Research output: Contribution to journalArticle

Abstract

We show that, generically, finding the k-th root of a braid is very fast. More precisely, we provide an algorithm which, given a braid x on n strands and canonical length l, and an integer k > 1, computes a k-th root of x, if it exists, or guarantees that such a root does not exist. The generic-case complexity of this algorithm is O(l(l + n)n3 log n). The non-generic cases are treated using a previously known algorithm by Sang-Jin Lee.
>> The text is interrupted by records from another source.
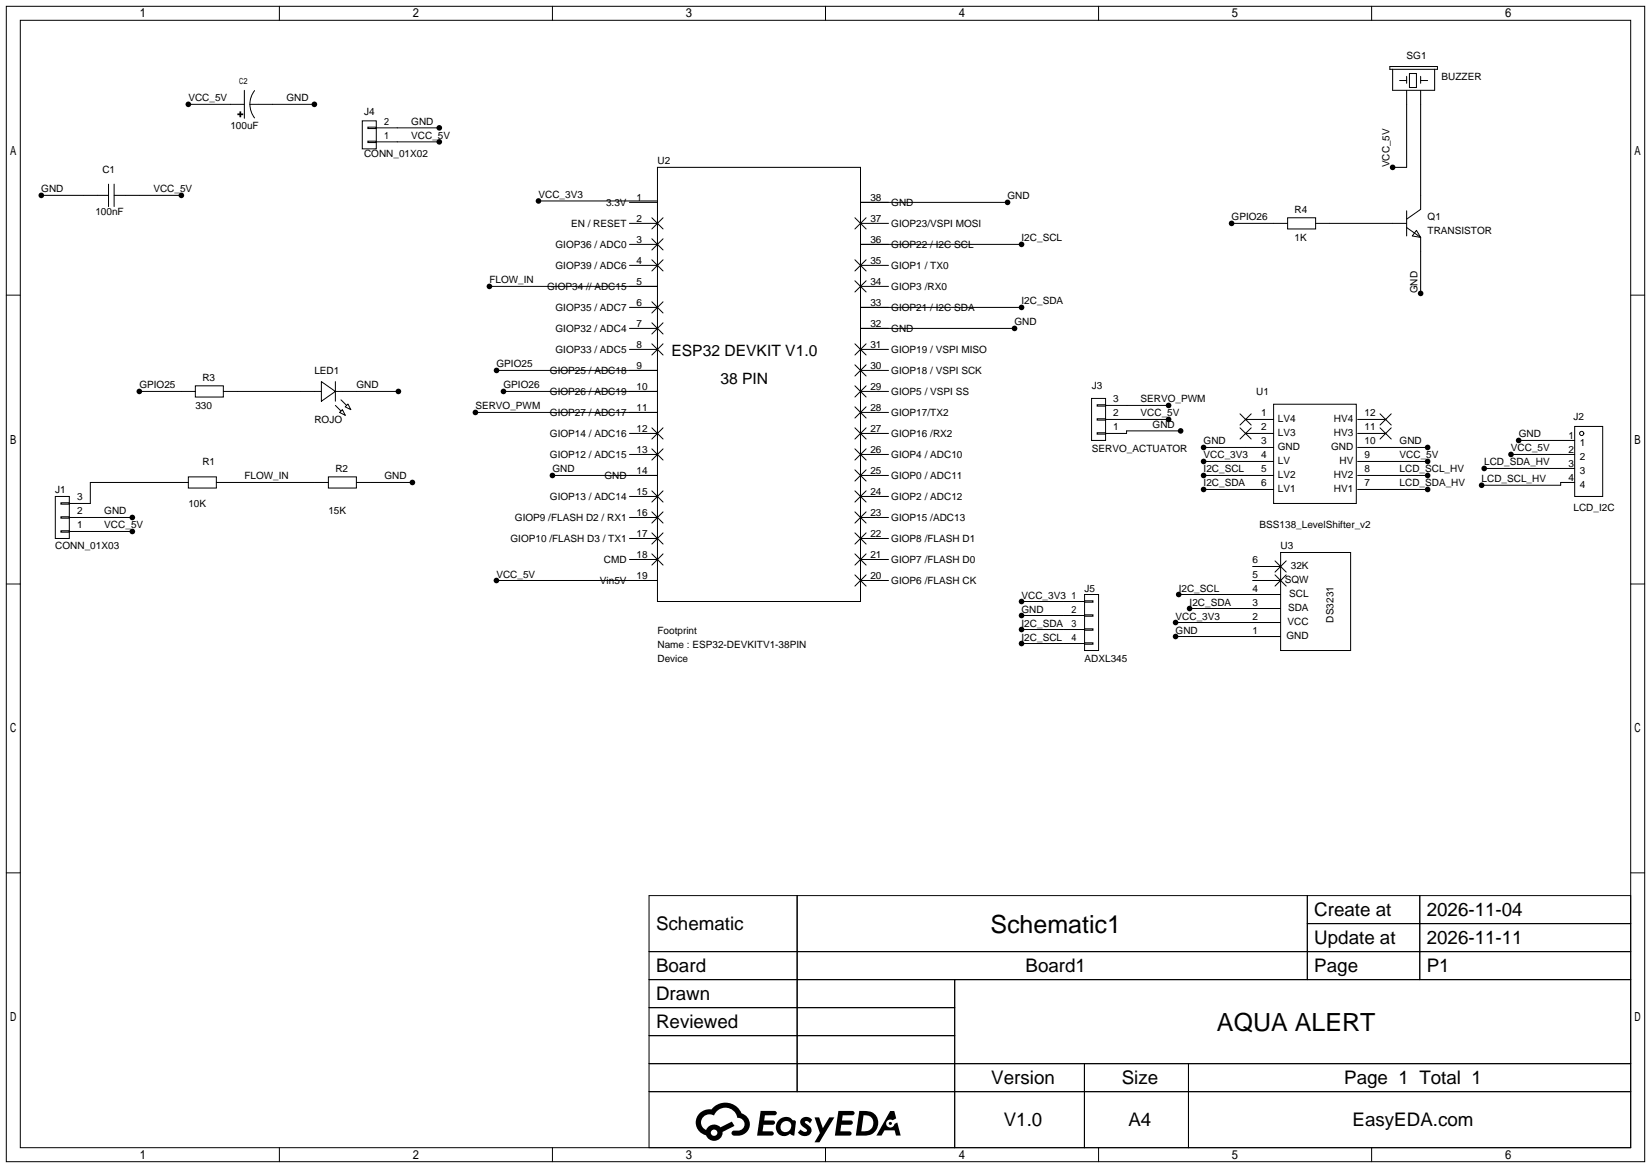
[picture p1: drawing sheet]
<svg xmlns="http://www.w3.org/2000/svg" width="299mm" height="212mm" viewBox="0 0 299 212" stroke-linecap="round" stroke-linejoin="round" font-family="sans-serif">
<g fill="none" stroke="#000" stroke-width=".18">
<path d="M1.1 1.1h297.2v209.6h-297.2zM3.7 3.7h292.1v204.5h-292.1zM34.2 18.9h10.1M44.3 16.4v5.1M46.2 16.4a4 4 0 0 0-.9 2.5M50.7 1.1v2.6M57 18.9h-11.7a4.1 4.1 0 0 0 .9 2.5M100.2 1.1v2.6M149.7 1.1v2.6M199.3 1.1v2.6M248.8 1.1v2.6M252.1 12.1h8.6v.5h-8.6z"/>
<path d="M252.6 12.6v3.8h7.6v-3.8M253.9 14.6h1.2M255.1 13.8v1.3M255.1 16.4v14h-2.5M255.7 13.3h1.2v2.6h-1.2zM257.7 14.6h1.3M257.7 13.8v1.3M257.7 16.4v21.6l-2.6 1.8M7.5 35.4h12.2M19.7 33.4v4.1M20.7 35.4h12.2M20.7 33.4v4.1"/>
<path d="M43.1 20.7h.9v.1h-.9zM43.5 20.3h.2v.9h-.2zM65.7 21.9h2.6v5.1h-2.6zM66.7 23.1h1.6v.2h-1.6zM66.7 25.6h1.6v.3h-1.6zM68.3 25.7h11.4M68.3 23.2h11.4M97.7 36.4h21.6v.3h-5.1M118.2 39.5l2.1 2M119.3 30.4h36.8v78.7h-36.8zM120.3 39.5l-2.1 2M155.1 39.5l2 2"/>
<path d="M156.1 36.7h26.7M157.1 39.5l-2 2M233.6 39.5h5v2h-5zM255.1 38.2v4.6M1.1 53.5h2.6M88.8 51.9h30.5M114.2 40.5h5.1M114.2 44.3h5.1M114.2 48.1h5.1M114.2 55.8h5.1M114.2 59.6h5.1M118.2 43.3l2.1 2"/>
<path d="M118.2 47.1l2.1 2M118.2 54.7l2.1 2.1M118.2 58.5l2.1 2.1M120.3 43.3l-2.1 2M120.3 47.1l-2.1 2M120.3 54.7l-2.1 2.1M120.3 58.5l-2.1 2.1M155.1 50.9l2 2.1M155.1 47.1l2 2M156.1 40.5h5.1M156.1 44.3h29.2M156.1 48.1h5.1"/>
<path d="M156.1 51.9h5.1M156.1 55.8h29.2M156.1 59.6h27.9M157.1 50.9l-2 2.1M157.1 47.1l-2 2M223.4 40.5h10.2M238.6 40.5h16.5M255.1 41.3l2.6 1.8M256.9 41.8l.8 1.3-1.5-.3zM257.7 43.1v10.1M295.8 53.5h2.5M25.3 71h10.1"/>
<path d="M35.4 70h5.1v2h-5.1zM40.5 71h17.8M58.3 69.2l2.5 1.8-2.5 1.8zM60.8 71h11.5M60.8 73.5l1 1M60.8 69.2v3.6M61.8 72.5l1.1 1M62.1 74.3l.5 1-1-.5zM62.6 73.8l.5-.5 .5 1zM86.2 74.8h33.1M90.1 67.2h29.2M91.3 71h28"/>
<path d="M114.2 63.4h5.1M114.2 78.6h5.1M118.2 62.4l2.1 2M118.2 77.6l2.1 2M120.3 62.4l-2.1 2M120.3 77.6l-2.1 2M155.1 77.6l2 2M155.1 73.8l2 2M155.1 70l2 2M155.1 66.2l2 2M155.1 62.4l2 2M156.1 63.4h5.1"/>
<path d="M156.1 67.2h5.1M156.1 71h5.1M156.1 74.8h5.1M156.1 78.6h5.1M157.1 77.6l-2 2M157.1 73.8l-2 2M157.1 70l-2 2M157.1 66.2l-2 2M157.1 62.4l-2 2M198 72.3h2.5v7.6h-2.5zM199 73.4h1.5v.3h-1.5zM199 75.9h1.5v.3h-1.5z"/>
<path d="M199 78.5h1.5v.2h-1.5zM200.5 76.1h11.5M200.5 73.5h11.5M214.2 78.1h-9.9v.5h-3.8M224.9 75.1l2 2M224.9 77.6l2 2M225.9 78.6h5.1M225.9 76.1h5.1M226.9 75.1l-2 2M226.9 77.6l-2 2M231 73.3h15v18h-15zM246.3 78.6h5"/>
<path d="M246.3 76.1h5M250.3 77.6l2 2M250.3 75.1l2 2M252.3 77.6l-2 2M252.3 75.1l-2 2M275.5 79.9h10.1M285.6 77.3h5.1v12.7h-5.1zM10 90h2.6v7.7h-2.6zM11 91.2h1.6v.2h-1.6zM11 93.7h1.6v.3h-1.6zM11 96.3h1.6v.2h-1.6zM12.6 93.9h11.4"/>
<path d="M12.6 96.4h11.4M34.2 86.5h5v2h-5zM34.2 87.5h-17.8v3.8h-3.8M39.2 87.5h20.4M59.6 86.5h5v2h-5zM64.6 87.5h10.2M100.2 86.2h19.1M114.2 82.4h5.1M114.2 90h5.1M114.2 93.9h5.1M114.2 97.7h5.1M118.2 81.4l2.1 2"/>
<path d="M118.2 89l2.1 2.1M118.2 92.8l2.1 2.1M118.2 96.6l2.1 2.1M120.3 81.4l-2.1 2M120.3 89l-2.1 2.1M120.3 92.8l-2.1 2.1M120.3 96.6l-2.1 2.1M155.1 96.6l2 2.1M155.1 92.8l2 2.1M155.1 89l2 2.1M155.1 85.2l2 2M155.1 81.4l2 2"/>
<path d="M156.1 82.4h5.1M156.1 86.2h5.1M156.1 90h5.1M156.1 93.9h5.1M156.1 97.7h5.1M157.1 96.6l-2 2.1M157.1 92.8l-2 2.1M157.1 89l-2 2.1M157.1 85.2l-2 2M157.1 81.4l-2 2M218.3 86.2h12.7M218.3 81.2h12.7"/>
<path d="M218.3 83.7h12.7M218.3 88.8h12.7M246.3 86.2h12.7M246.3 81.2h12.7M246.3 83.7h12.7M246.3 88.8h12.7M269.2 85h16.4M274.1 82.4h11.5M285.6 87.5h-2.5v.5h-14.4M1.1 105.9h2.6M90 105.3h29.3M114.2 101.5h5.1"/>
<path d="M118.2 100.5l2.1 2M120.3 100.5l-2.1 2M155.1 104.3l2 2M155.1 100.5l2 2M156.1 101.5h5.1M156.1 105.3h5.1M157.1 104.3l-2 2M157.1 100.5l-2 2M185.3 109.1h11.4M185.3 111.6h11.4M185.3 114.2h11.4M185.3 116.7h11.4"/>
<path d="M196.7 116.6h1.5v.2h-1.5zM196.7 114h1.5v.3h-1.5zM196.7 111.5h1.5v.3h-1.5zM196.7 109h1.5v.2h-1.5zM196.7 107.8h2.6v10.2h-2.6zM213.2 115.4h19.1M213.2 112.9h19.1M213.8 107.8h18.5M215.8 110.4h16.5M227.2 105.3h5.1M227.2 102.7h5.1M231.3 104.3l2 2"/>
<path d="M231.3 101.7l2 2.1M232.3 100.2h12.7v17.8h-12.7zM233.3 104.3l-2 2M233.3 101.7l-2 2.1M295.8 105.9h2.5M1.1 158.3h2.6M295.8 158.3h2.5M117.7 162.4h178.1v45.8h-178.1zM117.7 172.6h178.1M117.7 177.7h178.1M144.6 162.4v35.6M173.2 177.7v30.5"/>
<path d="M237.1 162.4v15.3M237.1 167.5h58.7M257.5 162.4v15.3M117.7 182.8h55.5M117.7 192.9h178.1M117.7 187.8h55.5M117.7 198h178.1M196.7 192.9v15.3M215.6 192.9v15.3M50.7 208.2v2.5M100.2 208.2v2.5M149.7 208.2v2.5"/>
<path d="M199.3 208.2v2.5M248.8 208.2v2.5"/>
<circle cx="286.9" cy="78.6" r=".38"/>
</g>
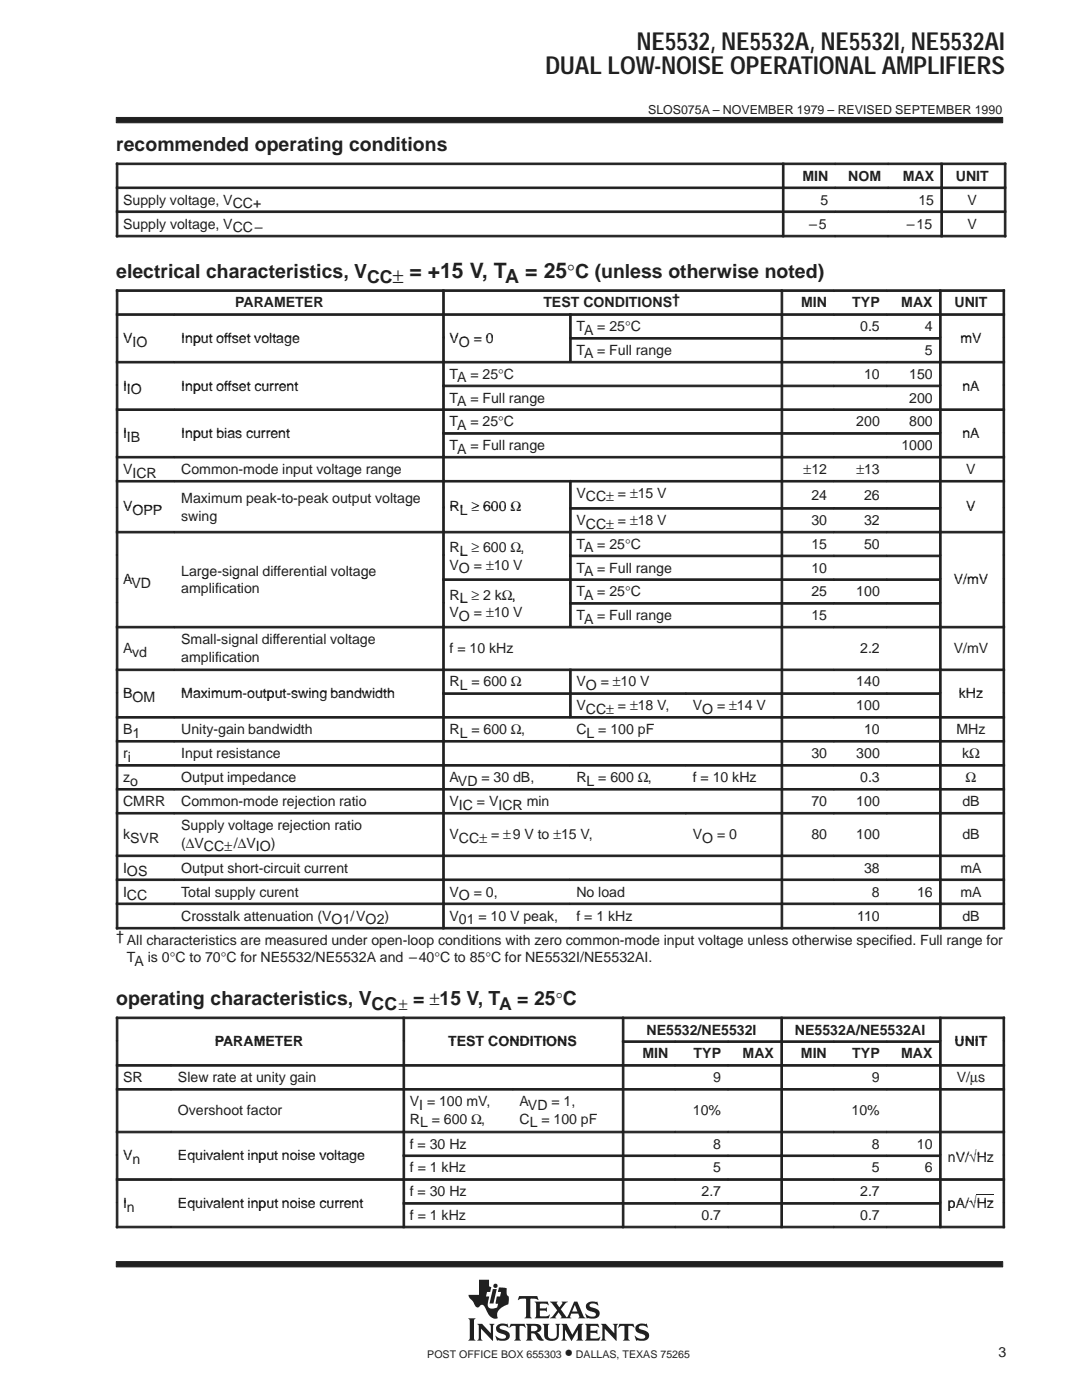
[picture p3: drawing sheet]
<svg xmlns="http://www.w3.org/2000/svg" width="216mm" height="279mm" viewBox="0 0 216 279" stroke-linecap="round" stroke-linejoin="round" font-family="sans-serif">
<g fill="#231f20" stroke="#231f20" stroke-width=".2">
<path d="M23.2 23.4h176.9v1.1h-176.9z" fill-rule="evenodd"/>
<path d="M23.2 251.8h176.9v1h-176.9z" fill-rule="evenodd"/>
</g>
<g fill="#231f20">
<path d="M98.3 257.3h.8l-.6 2.8h-.8z"/>
<path d="M104.9 264.2h1.9a.9 .9 0 0 1 1 .3 .9 .9 0 0 1 0 1.2l-.7 .2 .5 .4 .9 1.2a1.2 1.2 0 0 1-1.6-1l-.3-.4h-.6v1l.3 .4h-1.4l.3-.5v-2.3z" fill-rule="evenodd"/>
<path d="M109.7 259.8h1.6l-.2 .3 .5 .8 .6-.8-.1-.3h1.2l-.4 .2-1 1.3 1.2 1.6 1.5-3.1h.6l1.2 2.9 .4 .4-1.4-.1a.22 .22 0 0 0 .2-.1 .22 .22 0 0 0 0-.3l-.2-.4h-1.4l-.2 .7 .2 .2h-2.2l.2-.3-.5-.9-.7 .9 .2 .3h-1.3l.6-.4 .9-1.2z" fill-rule="evenodd"/>
<path d="M127.1 264.4l.8-.3 .9 .2 .2-.2 .3 .8-.1 .1a1.2 1.2 0 0 0-1.7-.1 1.47 1.47 0 0 0 1.3 .7 1.03 1.03 0 0 1 .7 1.2 1.03 1.03 0 0 1-1.2 .8l-1.1-.1-.2 .1-.4-1 .9 .5h.9a.45 .45 0 0 0 .4-.5 .45 .45 0 0 0-.6-.3l-.2-.1a1.11 1.11 0 0 1-1.2-1.5z" fill-rule="evenodd"/>
<path d="M123.6 264.2h2.8l.2 .8-.6-.4h-.5l-.1 .1v2.4l.3 .4h-1.4l.3-.4v-2.4l-.1-.1h-.5l-.7 .4z" fill-rule="evenodd"/>
<path d="M116.7 264.2h2.6l.2 .8-.6-.4-1.1 .1v.9h1.1l.3-.3v.9l-.4-.2h-1v1l1.3 .1 .7-.3-.3 .7h-2.8l.3-.4v-2.5z" fill-rule="evenodd"/>
<path d="M119.9 264.2h1l1.7 1.9v-1.5l-.3-.4h1l-.3 .4v3l-2.3-2.4v2l.3 .3h-1.1l.3-.4v-2.5z" fill-rule="evenodd"/>
<path d="M112 264.2h1.1l1.1 2.2 1.2-2.2h1l-.3 .4v2.6l.3 .3h-1.4l.3-.4v-1.7l-1.3 2.2-1.3-2.3v1.8l.4 .4h-1.1l.3-.5v-2.3z" fill-rule="evenodd"/>
<path d="M99.3 264.4l.7-.2 1.1 .1 .1-.2 .3 .8-.6-.3h-.8a.41 .41 0 0 0-.4 .4 .41 .41 0 0 0 .5 .4 1.29 1.29 0 0 1 1.5 1.4 1.08 1.08 0 0 1-1.2 .8l-1.1-.1-.2 .1-.4-1 .8 .5 .5 .1 .6-.1 .3-.3a.72 .72 0 0 0-.9-.6 .99 .99 0 0 1-1-.6 .99 .99 0 0 1 .2-1.2z" fill-rule="evenodd"/>
<path d="M101.9 264.2h2.8l.2 .8-.7-.4h-.4l-.1 .1v2.4l.3 .4h-1.4l.3-.4v-2.4l-.1-.1h-.5l-.7 .4z" fill-rule="evenodd"/>
<path d="M108.3 264.2h1.3l-.3 .4v2a.65 .65 0 0 0 .7 .6l.6-.1 .4-.4 .1-2-.3-.5h1l-.3 .4v1.8a1.54 1.54 0 0 1-2.4 .9l-.5-.6v-2.1z" fill-rule="evenodd"/>
<path d="M95.2 264.2h1l1.7 1.9v-1.5l-.3-.4h1.1l-.3 .4v3l-2.4-2.4v1.9l.3 .4h-1.1l.3-.5v-2.3z" fill-rule="evenodd"/>
<path d="M93.4 263.1h1.5l-.3 .4v3.6l.3 .4h-1.5l.3-.4v-3.6z" fill-rule="evenodd"/>
<path d="M103.6 258.7h3.6l.2 .8-.4-.3h-1.2v3.6l.3 .3h-1.4l.2-.2 .1-.3v-3.2l-.1-.2h-.8l-.7 .3z" fill-rule="evenodd"/>
<path d="M106.7 259.8h2.6l.1 .7-.5-.3-1.2 .1v.8h1.1l.3-.2v.9l-.4-.2h-1v1l.2 .1h1.2l.5-.4 .1 .1-.2 .7h-2.8l.3-.5v-2.3z" fill-rule="evenodd"/>
<path d="M117.1 260.2a2.09 2.09 0 0 1 1.9-.3l.2-.2 .1 .9a1.22 1.22 0 0 0-1.7-.1 .82 .82 0 0 0 .9 .5 1.06 1.06 0 0 1 1.2 1.1 1.06 1.06 0 0 1-1.2 1.1l-1.2-.2-.2 .2-.3-1 .8 .5 .8 .1a.46 .46 0 0 0 .5-.5 .46 .46 0 0 0-.5-.5h-.2a1.11 1.11 0 0 1-1.2-1.6z" fill-rule="evenodd"/>
<path d="M95.6 255.4h2v1.3l.4 .2-.2 .9h-.6l-.2 .9h.6l-.3 1.3 .1 .7a.9 .9 0 0 0 1.2 .4l.6-.2 .2-.7-.5-.1 .2-1.4h.7l.2-.9h-.7l.3-.9 1.5 .2v1.1l.2 .4 .2 .1v.7a.81 .81 0 0 1-.6 1.1 2.73 2.73 0 0 0-1.7 1.7l.1 .8-.1 .1a1.81 1.81 0 0 1-2.1-1.5l-.3-.6a.7 .7 0 0 0-.6-.6 .7 .7 0 0 0-.7 .5 1.12 1.12 0 0 1-1.1-1.1l-.7-.8-.2-.6h2.1z" fill-rule="evenodd"/>
<circle cx="98.9" cy="256.6" r=".43"/>
</g>
<g fill="#fff">
<path d="M114.7 260.4l.5 1.3h-1z"/>
<path d="M106 264.6h.6a.56 .56 0 0 1 .6 .5 .56 .56 0 0 1-.6 .6h-.6z" fill-rule="evenodd"/>
</g>
<g fill="#231f20" stroke="#231f20" stroke-width=".2">
<path d="M23.2 32.5h.3v4.8h-.3z" fill-rule="evenodd"/>
<path d="M23.2 32.5h132.9v.4h-132.9z" fill-rule="evenodd"/>
<path d="M156.1 32.5h.3v4.8h-.3z" fill-rule="evenodd"/>
<path d="M156.1 32.5h10.5v.4h-10.5z" fill-rule="evenodd"/>
<path d="M166.7 32.5h10.5v.4h-10.5z" fill-rule="evenodd"/>
<path d="M177.2 32.5h10.5v.4h-10.5z" fill-rule="evenodd"/>
<path d="M187.7 32.5h.4v4.8h-.4z" fill-rule="evenodd"/>
<path d="M200.4 32.5h.3v4.8h-.3z" fill-rule="evenodd"/>
<path d="M187.7 32.5h13v.4h-13z" fill-rule="evenodd"/>
<path d="M23.2 37.3h.3v4.8h-.3z" fill-rule="evenodd"/>
<path d="M23.2 37.3h132.9v.3h-132.9z" fill-rule="evenodd"/>
<path d="M156.1 37.3h.3v4.8h-.3z" fill-rule="evenodd"/>
<path d="M156.1 37.3h10.5v.3h-10.5z" fill-rule="evenodd"/>
<path d="M166.7 37.3h10.5v.3h-10.5z" fill-rule="evenodd"/>
<path d="M177.2 37.3h10.5v.3h-10.5z" fill-rule="evenodd"/>
<path d="M187.7 37.3h.4v4.8h-.4z" fill-rule="evenodd"/>
<path d="M200.4 37.3h.3v4.8h-.3z" fill-rule="evenodd"/>
<path d="M187.7 37.3h13v.3h-13z" fill-rule="evenodd"/>
<path d="M23.2 42.1h.3v5.2h-.3z" fill-rule="evenodd"/>
<path d="M23.2 42.1h132.9v.3h-132.9z" fill-rule="evenodd"/>
<path d="M23.2 47h132.9v.3h-132.9z" fill-rule="evenodd"/>
<path d="M156.1 42.1h.3v5.2h-.3z" fill-rule="evenodd"/>
<path d="M156.1 42.1h10.5v.3h-10.5z" fill-rule="evenodd"/>
<path d="M156.1 47h10.5v.3h-10.5z" fill-rule="evenodd"/>
<path d="M166.7 42.1h10.5v.3h-10.5z" fill-rule="evenodd"/>
<path d="M166.7 47h10.5v.3h-10.5z" fill-rule="evenodd"/>
<path d="M177.2 42.1h10.5v.3h-10.5z" fill-rule="evenodd"/>
<path d="M177.2 47h10.5v.3h-10.5z" fill-rule="evenodd"/>
<path d="M187.7 42.1h.4v5.2h-.4z" fill-rule="evenodd"/>
<path d="M200.4 42.1h.3v5.2h-.3z" fill-rule="evenodd"/>
<path d="M187.7 42.1h13v.3h-13z" fill-rule="evenodd"/>
<path d="M187.7 47h13v.3h-13z" fill-rule="evenodd"/>
<path d="M23.2 57.8h.3v4.8h-.3z" fill-rule="evenodd"/>
<path d="M23.2 57.8h65.1v.4h-65.1z" fill-rule="evenodd"/>
<path d="M88.3 57.8h.4v4.8h-.4z" fill-rule="evenodd"/>
<path d="M88.3 57.8h67.5v.4h-67.5z" fill-rule="evenodd"/>
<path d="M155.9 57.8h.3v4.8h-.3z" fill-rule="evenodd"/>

This algorithm uses the fact that the ultra summit set of a braid is, generically, very small and symmetric (through conjugation by the Garside element Δ), consisting of either a single orbit conjugated to itself by Δ or two orbits conjugated to each other by Δ.

Original languageEnglish
Article number1327
JournalSymmetry
Volume11
Issue number11
Early online date23 Oct 2019
DOIs
Publication statusPublished - Nov 2019

Keywords

  • Algorithms in groups
  • Braid groups
  • Group-based cryptography

ASJC Scopus subject areas

  • Computer Science (miscellaneous)
  • Chemistry (miscellaneous)
  • Mathematics(all)
  • Physics and Astronomy (miscellaneous)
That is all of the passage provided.